▶ Description of the task: Your answer should consist solely of the lines from the one containing "#133=EDGE_LOOP('',(#132));" through the end of the entries below, duplicated exactly.

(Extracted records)
>>

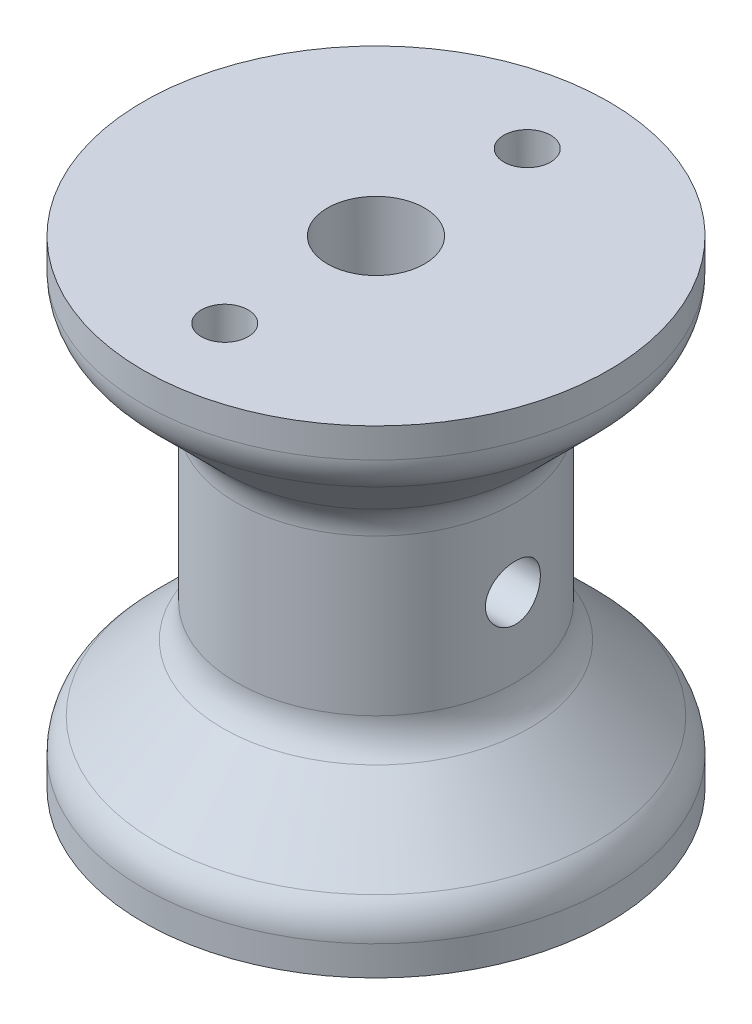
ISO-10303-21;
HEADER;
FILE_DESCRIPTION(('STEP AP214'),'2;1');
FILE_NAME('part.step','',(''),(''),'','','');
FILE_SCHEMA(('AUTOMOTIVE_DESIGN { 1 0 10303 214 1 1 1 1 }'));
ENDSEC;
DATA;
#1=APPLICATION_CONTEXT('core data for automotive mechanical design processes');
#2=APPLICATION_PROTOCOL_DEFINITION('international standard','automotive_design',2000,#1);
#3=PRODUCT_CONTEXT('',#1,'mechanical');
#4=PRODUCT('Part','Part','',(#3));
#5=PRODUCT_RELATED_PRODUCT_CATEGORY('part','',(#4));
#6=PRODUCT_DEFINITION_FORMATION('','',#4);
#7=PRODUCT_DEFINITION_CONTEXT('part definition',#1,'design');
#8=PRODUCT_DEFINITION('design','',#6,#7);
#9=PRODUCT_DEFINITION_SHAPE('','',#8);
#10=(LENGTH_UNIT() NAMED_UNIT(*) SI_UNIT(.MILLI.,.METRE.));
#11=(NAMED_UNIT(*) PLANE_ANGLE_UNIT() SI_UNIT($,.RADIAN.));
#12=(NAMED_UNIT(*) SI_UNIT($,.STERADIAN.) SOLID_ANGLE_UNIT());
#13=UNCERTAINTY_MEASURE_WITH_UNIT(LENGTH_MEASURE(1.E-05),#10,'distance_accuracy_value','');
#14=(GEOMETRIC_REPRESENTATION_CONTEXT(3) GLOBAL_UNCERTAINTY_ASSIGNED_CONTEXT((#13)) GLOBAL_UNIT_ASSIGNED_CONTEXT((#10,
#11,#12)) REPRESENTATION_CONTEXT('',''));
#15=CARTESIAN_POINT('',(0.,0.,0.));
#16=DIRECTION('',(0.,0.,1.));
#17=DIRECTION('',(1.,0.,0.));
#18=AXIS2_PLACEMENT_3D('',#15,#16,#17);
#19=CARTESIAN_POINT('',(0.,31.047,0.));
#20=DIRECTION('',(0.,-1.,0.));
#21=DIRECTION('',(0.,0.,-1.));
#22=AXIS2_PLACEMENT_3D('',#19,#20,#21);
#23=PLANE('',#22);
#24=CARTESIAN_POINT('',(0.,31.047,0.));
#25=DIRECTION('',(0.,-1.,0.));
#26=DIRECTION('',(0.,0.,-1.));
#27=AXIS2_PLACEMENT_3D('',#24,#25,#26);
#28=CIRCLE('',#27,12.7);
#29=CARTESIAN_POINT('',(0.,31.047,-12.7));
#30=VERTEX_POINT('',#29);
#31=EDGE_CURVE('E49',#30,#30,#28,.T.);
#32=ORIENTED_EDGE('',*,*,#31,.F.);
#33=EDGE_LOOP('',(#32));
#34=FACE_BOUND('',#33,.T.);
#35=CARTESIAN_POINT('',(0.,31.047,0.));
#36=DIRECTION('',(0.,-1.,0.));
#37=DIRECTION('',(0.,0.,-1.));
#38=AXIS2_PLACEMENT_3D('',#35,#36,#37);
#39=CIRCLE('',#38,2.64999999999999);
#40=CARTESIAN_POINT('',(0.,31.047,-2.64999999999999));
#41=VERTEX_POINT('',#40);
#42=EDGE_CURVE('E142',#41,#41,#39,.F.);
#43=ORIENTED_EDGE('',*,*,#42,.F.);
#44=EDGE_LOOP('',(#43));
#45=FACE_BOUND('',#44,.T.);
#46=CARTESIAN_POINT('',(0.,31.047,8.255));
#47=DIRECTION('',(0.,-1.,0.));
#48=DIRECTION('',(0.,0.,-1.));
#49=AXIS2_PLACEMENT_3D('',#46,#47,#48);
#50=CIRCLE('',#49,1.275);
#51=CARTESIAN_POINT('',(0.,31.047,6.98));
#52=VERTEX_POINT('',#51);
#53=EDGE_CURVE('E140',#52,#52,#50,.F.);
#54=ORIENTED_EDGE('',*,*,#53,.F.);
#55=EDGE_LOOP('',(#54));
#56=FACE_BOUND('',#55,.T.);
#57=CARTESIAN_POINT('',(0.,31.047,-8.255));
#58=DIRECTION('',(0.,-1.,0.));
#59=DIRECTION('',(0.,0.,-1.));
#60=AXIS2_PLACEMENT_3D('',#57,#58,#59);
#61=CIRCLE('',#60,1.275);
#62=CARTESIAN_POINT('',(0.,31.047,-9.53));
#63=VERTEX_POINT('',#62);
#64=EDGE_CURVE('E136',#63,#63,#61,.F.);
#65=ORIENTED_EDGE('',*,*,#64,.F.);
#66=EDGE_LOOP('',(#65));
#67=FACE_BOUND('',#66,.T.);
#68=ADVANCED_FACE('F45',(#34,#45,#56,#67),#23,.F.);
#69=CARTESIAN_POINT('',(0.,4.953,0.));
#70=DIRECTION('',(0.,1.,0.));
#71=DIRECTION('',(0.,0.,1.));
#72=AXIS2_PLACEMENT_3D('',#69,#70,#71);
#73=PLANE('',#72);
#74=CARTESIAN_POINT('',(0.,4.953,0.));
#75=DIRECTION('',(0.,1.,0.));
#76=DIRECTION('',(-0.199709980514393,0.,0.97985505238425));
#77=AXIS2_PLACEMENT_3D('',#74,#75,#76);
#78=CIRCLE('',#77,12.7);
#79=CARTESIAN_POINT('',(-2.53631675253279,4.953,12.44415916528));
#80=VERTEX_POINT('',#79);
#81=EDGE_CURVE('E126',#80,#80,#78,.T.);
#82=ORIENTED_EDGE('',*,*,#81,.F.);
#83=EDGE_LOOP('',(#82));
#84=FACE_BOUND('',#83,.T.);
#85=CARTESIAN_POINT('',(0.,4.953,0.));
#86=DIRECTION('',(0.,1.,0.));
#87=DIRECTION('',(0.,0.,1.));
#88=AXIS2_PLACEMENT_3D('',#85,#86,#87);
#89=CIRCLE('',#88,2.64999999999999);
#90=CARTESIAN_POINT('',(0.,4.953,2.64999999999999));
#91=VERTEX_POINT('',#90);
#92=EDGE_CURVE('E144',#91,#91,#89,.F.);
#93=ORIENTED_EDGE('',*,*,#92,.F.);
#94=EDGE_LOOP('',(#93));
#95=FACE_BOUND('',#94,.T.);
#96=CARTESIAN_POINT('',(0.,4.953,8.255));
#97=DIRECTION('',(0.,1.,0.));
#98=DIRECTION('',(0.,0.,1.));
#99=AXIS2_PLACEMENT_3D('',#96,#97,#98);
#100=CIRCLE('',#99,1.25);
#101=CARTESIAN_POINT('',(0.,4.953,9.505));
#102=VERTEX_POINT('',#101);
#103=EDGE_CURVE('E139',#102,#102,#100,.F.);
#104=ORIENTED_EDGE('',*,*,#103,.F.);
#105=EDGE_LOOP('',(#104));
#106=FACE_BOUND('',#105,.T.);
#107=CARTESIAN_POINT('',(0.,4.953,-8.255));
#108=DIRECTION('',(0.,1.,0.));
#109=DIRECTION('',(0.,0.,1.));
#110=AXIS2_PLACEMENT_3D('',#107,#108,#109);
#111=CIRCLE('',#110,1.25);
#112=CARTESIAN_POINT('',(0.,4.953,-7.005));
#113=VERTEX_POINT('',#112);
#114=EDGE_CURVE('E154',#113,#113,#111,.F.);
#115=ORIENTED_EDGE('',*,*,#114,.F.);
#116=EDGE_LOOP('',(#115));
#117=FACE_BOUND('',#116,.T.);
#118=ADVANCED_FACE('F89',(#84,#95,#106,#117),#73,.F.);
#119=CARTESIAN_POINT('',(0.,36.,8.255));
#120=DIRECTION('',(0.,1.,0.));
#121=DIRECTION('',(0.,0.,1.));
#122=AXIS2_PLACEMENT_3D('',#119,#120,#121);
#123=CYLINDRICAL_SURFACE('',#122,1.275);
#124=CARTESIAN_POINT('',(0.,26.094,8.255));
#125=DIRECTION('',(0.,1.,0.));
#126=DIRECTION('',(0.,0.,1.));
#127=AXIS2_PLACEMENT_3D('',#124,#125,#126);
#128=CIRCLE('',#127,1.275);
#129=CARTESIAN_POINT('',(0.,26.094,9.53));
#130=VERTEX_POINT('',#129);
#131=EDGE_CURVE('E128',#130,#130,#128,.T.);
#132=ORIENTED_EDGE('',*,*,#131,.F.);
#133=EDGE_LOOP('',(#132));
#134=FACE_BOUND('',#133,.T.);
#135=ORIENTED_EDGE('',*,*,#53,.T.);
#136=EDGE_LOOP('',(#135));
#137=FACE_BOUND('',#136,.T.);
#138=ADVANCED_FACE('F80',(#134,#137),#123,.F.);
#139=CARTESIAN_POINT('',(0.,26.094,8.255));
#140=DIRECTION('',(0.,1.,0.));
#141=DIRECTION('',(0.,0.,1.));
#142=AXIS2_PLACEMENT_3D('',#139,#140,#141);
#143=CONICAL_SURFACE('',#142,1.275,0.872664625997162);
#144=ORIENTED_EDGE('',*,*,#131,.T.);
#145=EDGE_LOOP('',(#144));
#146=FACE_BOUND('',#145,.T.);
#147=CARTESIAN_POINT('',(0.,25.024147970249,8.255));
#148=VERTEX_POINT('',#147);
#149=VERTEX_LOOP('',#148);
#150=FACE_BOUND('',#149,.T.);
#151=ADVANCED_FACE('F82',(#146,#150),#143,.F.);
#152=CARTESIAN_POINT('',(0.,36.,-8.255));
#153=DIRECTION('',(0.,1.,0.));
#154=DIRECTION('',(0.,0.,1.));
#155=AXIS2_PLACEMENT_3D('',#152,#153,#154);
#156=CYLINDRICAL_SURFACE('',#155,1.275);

<<

▶ Answer space:
#133=EDGE_LOOP('',(#132));
#134=FACE_BOUND('',#133,.T.);
#135=ORIENTED_EDGE('',*,*,#53,.T.);
#136=EDGE_LOOP('',(#135));
#137=FACE_BOUND('',#136,.T.);
#138=ADVANCED_FACE('F80',(#134,#137),#123,.F.);
#139=CARTESIAN_POINT('',(0.,26.094,8.255));
#140=DIRECTION('',(0.,1.,0.));
#141=DIRECTION('',(0.,0.,1.));
#142=AXIS2_PLACEMENT_3D('',#139,#140,#141);
#143=CONICAL_SURFACE('',#142,1.275,0.872664625997162);
#144=ORIENTED_EDGE('',*,*,#131,.T.);
#145=EDGE_LOOP('',(#144));
#146=FACE_BOUND('',#145,.T.);
#147=CARTESIAN_POINT('',(0.,25.024147970249,8.255));
#148=VERTEX_POINT('',#147);
#149=VERTEX_LOOP('',#148);
#150=FACE_BOUND('',#149,.T.);
#151=ADVANCED_FACE('F82',(#146,#150),#143,.F.);
#152=CARTESIAN_POINT('',(0.,36.,-8.255));
#153=DIRECTION('',(0.,1.,0.));
#154=DIRECTION('',(0.,0.,1.));
#155=AXIS2_PLACEMENT_3D('',#152,#153,#154);
#156=CYLINDRICAL_SURFACE('',#155,1.275);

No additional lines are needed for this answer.